Condition category
Respiratory
Date applied
25/06/2018
Date assigned
06/07/2018
Last edited
06/07/2018
Prospective/Retrospective
Retrospectively registered
Overall trial status
Ongoing
Recruitment status
Recruiting

Plain English Summary

Background and study aims
Bronchiectasis is a condition where the lungs' airways become widened, leading to a build-up of mucus that can make them more vulnerable to infection. Patients with bronchiectasis suffer from a persistent cough, daily sputum (saliva and mucus) production and recurrent exacerbations, affecting quality of life. This study is concerned with sputum production and exploring which combinations of treatments (hypertonic saline (HTS) and carbocisteine) might help patients bring up their sputum more easily. HTS is salty water that is delivered into the airways via a nebuliser, which converts it into a mist. This treatment takes ten minutes. Carbocisteine is taken as a capsule. Research has shown that these treatments can make it easier for patients to cough up sputum, resulting in potentially fewer exacerbations and hospital admissions, which could improve quality of life for people with bronchiectasis. These treatments are currently used in clinical care but there is not enough evidence to recommend them as part of standard care. The aim of this study is to find out whether HTS and/or carbocisteine result in better outcomes than usual care in patients with bronchiectasis.

Who can participate?
Patients with bronchiectasis

What does the study involve?
Participants are randomly allocated to one of four combinations of treatments: HTS and standard care, carbocisteine and standard care, a combination of HTS and carbocisteine with standard care, and standard care alone. Participants have to attend six additional appointments as part of the study over a 2-year period with five in year one. At the start of the study, information is collected about participants' smoking status, bronchiectasis characteristics, medications, medical history, exacerbation history, antibiotic use, and any airway clearance techniques used. A physical exam, vital signs and urine pregnancy test are completed. A questionnaire is completed with patients to explore any respiratory symptoms they may be experiencing since their last clinic visit. A lung function test is also performed and a range of health-related quality of life questionnaires are completed. At subsequent visits, lung function tests are repeated, exacerbation history is explored, vital signs are obtained and questionnaires are completed again. The nebulizer that patients use to deliver the hypertonic saline can record data about how the patient uses the nebuliser. This usage data is not reviewed with the patient until after they have completed the first year of the study. All patients are also be given a spirometer to perform lung function tests at home on a weekly basis. In addition, patients are asked to use their spirometers at the start of a suspected exacerbation. Patients are asked to bring their spirometer to each study visit. At the 52-week visit the patient is also asked to complete a questionnaire about using the spirometer and nebuliser. Follow-up at 104 weeks collects information about the patient’s quality of life, any exacerbations they have had or any antibiotics they have taken for exacerbations. If the patient is already taking part in studies that are currently collecting information on bronchiectasis patients are asked for permission to use this information. Otherwise they are invited to the study site for an additional visit.

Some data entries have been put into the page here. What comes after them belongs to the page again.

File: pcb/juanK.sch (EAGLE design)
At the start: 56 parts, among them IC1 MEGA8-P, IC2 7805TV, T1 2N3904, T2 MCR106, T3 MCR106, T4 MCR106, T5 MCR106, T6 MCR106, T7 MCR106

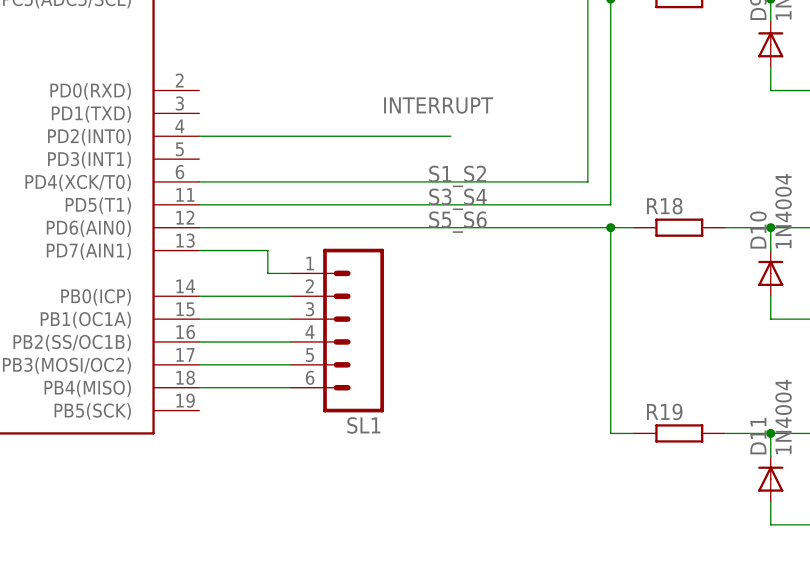
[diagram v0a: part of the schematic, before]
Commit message: Ordenar elementos y Optimizar caminos
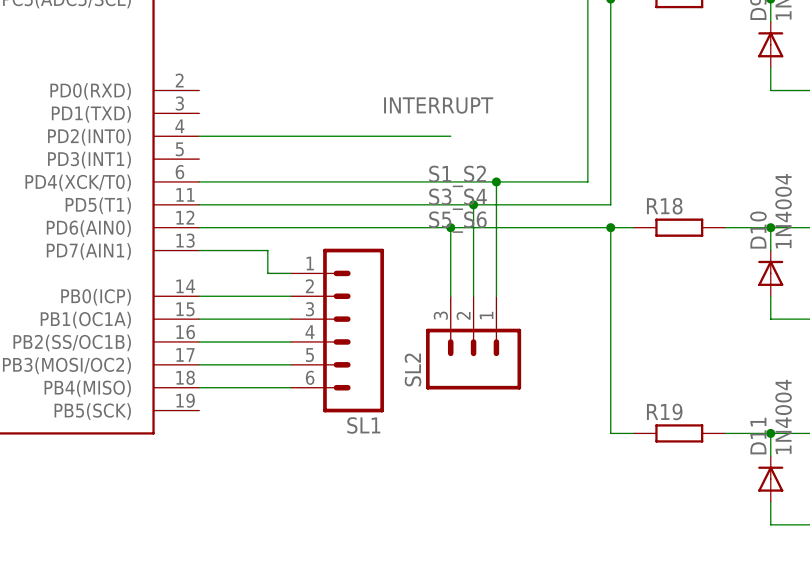
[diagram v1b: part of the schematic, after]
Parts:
- added SL2: (no value), con-amp-quick:M03
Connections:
- net S1_S2: now also SL2.1
- net S3_S4: now also SL2.2
- net S5_S6: now also SL2.3
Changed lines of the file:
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@@
 <?xml version="1.0" encoding="utf-8"?>
 <!DOCTYPE eagle SYSTEM "eagle.dtd">
-<eagle version="6.5.0">
+<eagle version="8.2.2">
 <drawing>
 <settings>
@@
 <grid distance="0.1" unitdist="inch" unit="inch" style="lines" multiple="1" display="no" altdistance="0.01" altunitdist="inch" altunit="inch"/>
 <layers>
-<layer number="1" name="Top" color="4" fill="1" visible="yes" active="no"/>
-<layer number="16" name="Bottom" color="1" fill="1" visible="yes" active="no"/>
-<layer number="17" name="Pads" color="2" fill="1" visible="yes" active="no"/>
-<layer number="18" name="Vias" color="2" fill="1" visible="yes" active="no"/>
-<layer number="19" name="Unrouted" color="6" fill="1" visible="yes" active="no"/>
-<layer number="20" name="Dimension" color="15" fill="1" visible="yes" active="no"/>
-<layer number="21" name="tPlace" color="7" fill="1" visible="yes" active="no"/>
-<layer number="22" name="bPlace" color="7" fill="1" visible="yes" active="no"/>
-<layer number="23" name="tOrigins" color="15" fill="1" visible="yes" active="no"/>
-<layer number="24" name="bOrigins" color="15" fill="1" visible="yes" active="no"/>
-<layer number="25" name="tNames" color="7" fill="1" visible="yes" active="no"/>
-<layer number="26" name="bNames" color="7" fill="1" visible="yes" active="no"/>
-<layer number="27" name="tValues" color="7" fill="1" visible="yes" active="no"/>
-<layer number="28" name="bValues" color="7" fill="1" visible="yes" active="no"/>
+<layer number="1" name="Top" color="4" fill="1" visible="no" active="no"/>
+<layer number="2" name="Route2" color="1" fill="3" visible="no" active="no"/>
+<layer number="3" name="Route3" color="4" fill="3" visible="no" active="no"/>
+<layer number="4" name="Route4" color="1" fill="4" visible="no" active="no"/>
+<layer number="5" name="Route5" color="4" fill="4" visible="no" active="no"/>
+<layer number="6" name="Route6" color="1" fill="8" visible="no" active="no"/>
+<layer number="7" name="Route7" color="4" fill="8" visible="no" active="no"/>
+<layer number="8" name="Route8" color="1" fill="2" visible="no" active="no"/>
+<layer number="9" name="Route9" color="4" fill="2" visible="no" active="no"/>
+<layer number="10" name="Route10" color="1" fill="7" visible="no" active="no"/>
+<layer number="11" name="Route11" color="4" fill="7" visible="no" active="no"/>
+<layer number="12" name="Route12" color="1" fill="5" visible="no" active="no"/>
+<layer number="13" name="Route13" color="4" fill="5" visible="no" active="no"/>
+<layer number="14" name="Route14" color="1" fill="6" visible="no" active="no"/>
+<layer number="15" name="Route15" color="4" fill="6" visible="no" active="no"/>
+<layer number="16" name="Bottom" color="1" fill="1" visible="no" active="no"/>
+<layer number="17" name="Pads" color="2" fill="1" visible="no" active="no"/>
+<layer number="18" name="Vias" color="2" fill="1" visible="no" active="no"/>
+<layer number="19" name="Unrouted" color="6" fill="1" visible="no" active="no"/>
+<layer number="20" name="Dimension" color="15" fill="1" visible="no" active="no"/>
+<layer number="21" name="tPlace" color="7" fill="1" visible="no" active="no"/>
+<layer number="22" name="bPlace" color="7" fill="1" visible="no" active="no"/>
+<layer number="23" name="tOrigins" color="15" fill="1" visible="no" active="no"/>
+<layer number="24" name="bOrigins" color="15" fill="1" visible="no" active="no"/>
+<layer number="25" name="tNames" color="7" fill="1" visible="no" active="no"/>
+<layer number="26" name="bNames" color="7" fill="1" visible="no" active="no"/>
+<layer number="27" name="tValues" color="7" fill="1" visible="no" active="no"/>
+<layer number="28" name="bValues" color="7" fill="1" visible="no" active="no"/>
 <layer number="29" name="tStop" color="7" fill="3" visible="no" active="no"/>
 <layer number="30" name="bStop" color="7" fill="6" visible="no" active="no"/>
@@
 <layer number="35" name="tGlue" color="7" fill="4" visible="no" active="no"/>
 <layer number="36" name="bGlue" color="7" fill="5" visible="no" active="no"/>
-<layer number="37" name="tTest" color="7" fill="1" visible="yes" active="no"/>
-<layer number="38" name="bTest" color="7" fill="1" visible="yes" active="no"/>
+<layer number="37" name="tTest" color="7" fill="1" visible="no" active="no"/>
+<layer number="38" name="bTest" color="7" fill="1" visible="no" active="no"/>
 <layer number="39" name="tKeepout" color="4" fill="11" visible="no" active="no"/>
 <layer number="40" name="bKeepout" color="1" fill="11" visible="no" active="no"/>
@@
 <layer number="44" name="Drills" color="7" fill="1" visible="no" active="no"/>
 <layer number="45" name="Holes" color="7" fill="1" visible="no" active="no"/>
-<layer number="46" name="Milling" color="3" fill="1" visible="yes" active="no"/>
-<layer number="47" name="Measures" color="7" fill="1" visible="yes" active="no"/>
-<layer number="48" name="Document" color="7" fill="1" visible="yes" active="no"/>
-<layer number="49" name="Reference" color="7" fill="1" visible="yes" active="no"/>
-<layer number="51" name="tDocu" color="7" fill="1" visible="yes" active="no"/>
-<layer number="52" name="bDocu" color="7" fill="1" visible="yes" active="no"/>
+<layer number="46" name="Milling" color="3" fill="1" visible="no" active="no"/>
+<layer number="47" name="Measures" color="7" fill="1" visible="no" active="no"/>
+<layer number="48" name="Document" color="7" fill="1" visible="no" active="no"/>
+<layer number="49" name="Reference" color="7" fill="1" visible="no" active="no"/>
+<layer number="51" name="tDocu" color="7" fill="1" visible="no" active="no"/>
+<layer number="52" name="bDocu" color="7" fill="1" visible="no" active="no"/>
 <layer number="90" name="Modules" color="5" fill="1" visible="yes" active="yes"/>
 <layer number="91" name="Nets" color="2" fill="1" visible="yes" active="yes"/>
@@
 <part name="D5" library="diode" deviceset="1N4004" device=""/>
 <part name="IC2" library="linear" deviceset="78*" device="TV" technology="05"/>
-<part name="C5" library="rcl" deviceset="CPOL-EU" device="E5-10.5"/>
+<part name="C5" library="rcl" library_urn="urn:adsk.eagle:library:334" deviceset="CPOL-EU" device="E5-10.5"/>
 <part name="C6" library="rcl" deviceset="C-EU" device="025-025X050"/>
 <part name="GND5" library="supply1" deviceset="GND" device=""/>
@@
 <part name="J2" library="con-amp" deviceset="MTA02-100" device=""/>
 <part name="SL1" library="con-amp-quick" deviceset="M06" device=""/>
+<part name="SL2" library="con-amp-quick" library_urn="urn:adsk.eagle:library:125" deviceset="M03" device=""/>
 </parts>
 <sheets>
@@
 <instance part="J2" gate="G$1" x="134.62" y="147.32"/>
 <instance part="SL1" gate="G$1" x="-5.08" y="12.7" rot="R180"/>
+<instance part="SL2" gate="G$1" x="10.16" y="7.62" rot="R90"/>
 </instances>
 <busses>
@@
 <segment>
 <pinref part="IC1" gate="G$1" pin="PD4(XCK/T0)"/>
-<wire x1="-20.32" y1="27.94" x2="22.86" y2="27.94" width="0.1524" layer="91"/>
+<wire x1="-20.32" y1="27.94" x2="12.7" y2="27.94" width="0.1524" layer="91"/>
 <label x="5.08" y="27.94" size="1.778" layer="95"/>
 <pinref part="R14" gate="G$1" pin="1"/>
+<wire x1="12.7" y1="27.94" x2="22.86" y2="27.94" width="0.1524" layer="91"/>
 <wire x1="27.94" y1="119.38" x2="25.4" y2="119.38" width="0.1524" layer="91"/>
 <pinref part="R15" gate="G$1" pin="1"/>
@@
 <junction x="25.4" y="96.52"/>
 <wire x1="22.86" y1="96.52" x2="22.86" y2="27.94" width="0.1524" layer="91"/>
+<pinref part="SL2" gate="G$1" pin="1"/>
+<wire x1="12.7" y1="15.24" x2="12.7" y2="27.94" width="0.1524" layer="91"/>
+<junction x="12.7" y="27.94"/>
 </segment>
 </net>
@@
 <segment>
 <pinref part="IC1" gate="G$1" pin="PD5(T1)"/>
-<wire x1="-20.32" y1="25.4" x2="25.4" y2="25.4" width="0.1524" layer="91"/>
+<wire x1="-20.32" y1="25.4" x2="10.16" y2="25.4" width="0.1524" layer="91"/>
 <label x="5.08" y="25.4" size="1.778" layer="95"/>
 <pinref part="R16" gate="G$1" pin="1"/>
+<wire x1="10.16" y1="25.4" x2="25.4" y2="25.4" width="0.1524" layer="91"/>
 <wire x1="27.94" y1="71.12" x2="25.4" y2="71.12" width="0.1524" layer="91"/>
 <pinref part="R17" gate="G$1" pin="1"/>
@@
 <wire x1="25.4" y1="25.4" x2="25.4" y2="48.26" width="0.1524" layer="91"/>
 <junction x="25.4" y="48.26"/>
+<pinref part="SL2" gate="G$1" pin="2"/>
+<wire x1="10.16" y1="15.24" x2="10.16" y2="25.4" width="0.1524" layer="91"/>
+<junction x="10.16" y="25.4"/>
 </segment>
 </net>
@@
 <segment>
 <pinref part="IC1" gate="G$1" pin="PD6(AIN0)"/>
-<wire x1="-20.32" y1="22.86" x2="25.4" y2="22.86" width="0.1524" layer="91"/>
+<wire x1="-20.32" y1="22.86" x2="7.62" y2="22.86" width="0.1524" layer="91"/>
 <label x="5.08" y="22.86" size="1.778" layer="95"/>
 <pinref part="R18" gate="G$1" pin="1"/>
 <pinref part="R19" gate="G$1" pin="1"/>
+<wire x1="7.62" y1="22.86" x2="25.4" y2="22.86" width="0.1524" layer="91"/>
 <wire x1="25.4" y1="22.86" x2="27.94" y2="22.86" width="0.1524" layer="91"/>
 <wire x1="27.94" y1="0" x2="25.4" y2="0" width="0.1524" layer="91"/>
 <wire x1="25.4" y1="0" x2="25.4" y2="22.86" width="0.1524" layer="91"/>
 <junction x="25.4" y="22.86"/>
+<pinref part="SL2" gate="G$1" pin="3"/>
+<wire x1="7.62" y1="15.24" x2="7.62" y2="22.86" width="0.1524" layer="91"/>
+<junction x="7.62" y="22.86"/>
 </segment>
 </net>
@@
 </schematic>
 </drawing>
+<compatibility>
+<note version="8.2" severity="warning">
+Since Version 8.2, Eagle supports online libraries. The ids
+of those online libraries will not be understood (or retained)
+with this version.
+</note>
+</compatibility>
 </eagle>

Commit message: Diseño de PCB terminado
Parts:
- added JP1, JP10, JP11, JP12, JP13, JP14, JP15, JP16, JP17, JP18, JP19, JP2, JP20, JP21, JP22, JP23, JP24, JP3, JP4, JP5, JP6, JP7, JP8, JP9: (no value), pinhead:PINHD-1X1
- J1, J2: device con-amp:MTA02-100 -> con-lstb:MA03-1
- SL1: device con-amp-quick:M06 -> con-amp:MTA06-100
- SL2: device con-amp-quick:M03 -> con-amp:MTA04-100
- T2, T3, T4, T5, T6, T7: value MCR106 -> TIC106S; device triac:MCR106 -> triac:TIC106S
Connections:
- removed net N$13: T2.C, T4.C, T6.C
- new net VO: JP23.1, JP24.1, T2.C, T4.C, T6.C
- net A: now also JP15.1, JP16.1
- net B: now also J2.3, JP11.1, JP12.1, JP17.1, JP18.1; no longer J2.2
- net C: now also JP19.1, JP20.1
- net GND: now also JP13.1, JP14.1, SL2.4
- net GND1: now also JP21.1, JP22.1
- net N$11: now also J1.3; no longer J1.2
- net N$22: now also JP5.1, JP6.1
- net N$24: now also JP7.1, JP8.1
- net N$25: now also JP3.1, JP4.1
- net N$6: now also JP10.1, JP9.1
- net N$8: now also JP1.1, JP2.1
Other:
- moved on the sheet: SL2

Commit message: Corregir dimensiones de algunos componentes
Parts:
- removed J1, J2: (no value), con-lstb:MA03-1
- added LED1: (no value), led:LED3MM
- added R20: (no value), rcl:R-EU_0204/5
- added X1, X2: (no value), con-wago-500:W237-102
- Q1: device crystal:CRYSTALTC26V -> crystal:CRYSTALHC49U70
- R2: device pot:TRIM_EU-B64Y -> pot:3RP/1610N
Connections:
- new net N$13: LED1.A, R20.1
- net 5V: now also R2.E, R20.2; no longer R2.A
- net A: now also X2-1.KL; no longer J2.1
- net B: now also X2-2.KL; no longer J2.3
- net GND: now also LED1.C, R2.A; no longer R2.E
- net N$10: now also X1-1.KL; no longer J1.1
- net N$11: now also X1-2.KL; no longer J1.3
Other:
- moved on the sheet: C5, C6, D5, IC2, R7

What are the potential benefits and risks of participating?
Carbocisteine may help reduce exacerbations and hospitalisations for people with bronchiectasis, improving their overall quality of life. All participants in the study receive a device to test their lung function at home and are also monitored regularly throughout the study. This may improve the overall care they receive through earlier recognition of exacerbations. Ultimately it is hoped that this research will help guide the treatment of bronchiectasis for people in the future and this may benefit patients in the long term outside of the study. Depending on the group allocation, a participant’s treatment may be altered. A small number of people experience minor side effects from nebulising HTS such as wheezing, but the likelihood of this will be minimised by patients completing a drug response assessment on entry into the study. A small number of patients experience some minimal side effects (stomach discomfort, vomiting, skin rashes and allergies) associated with carbocisteine. Lung function procedures may cause the participant to cough, experience shortness of breath, or feel lightheaded, but there is no pain expected with these tests. Treatment will be provided if this occurs. This study will take place outside of the normal clinical management of participants. Participants will be required to attend up to six additional visits lasting about 2 hours. Appointments will be scheduled at a time convenient to participants, where possible in an attempt to minimise this burden.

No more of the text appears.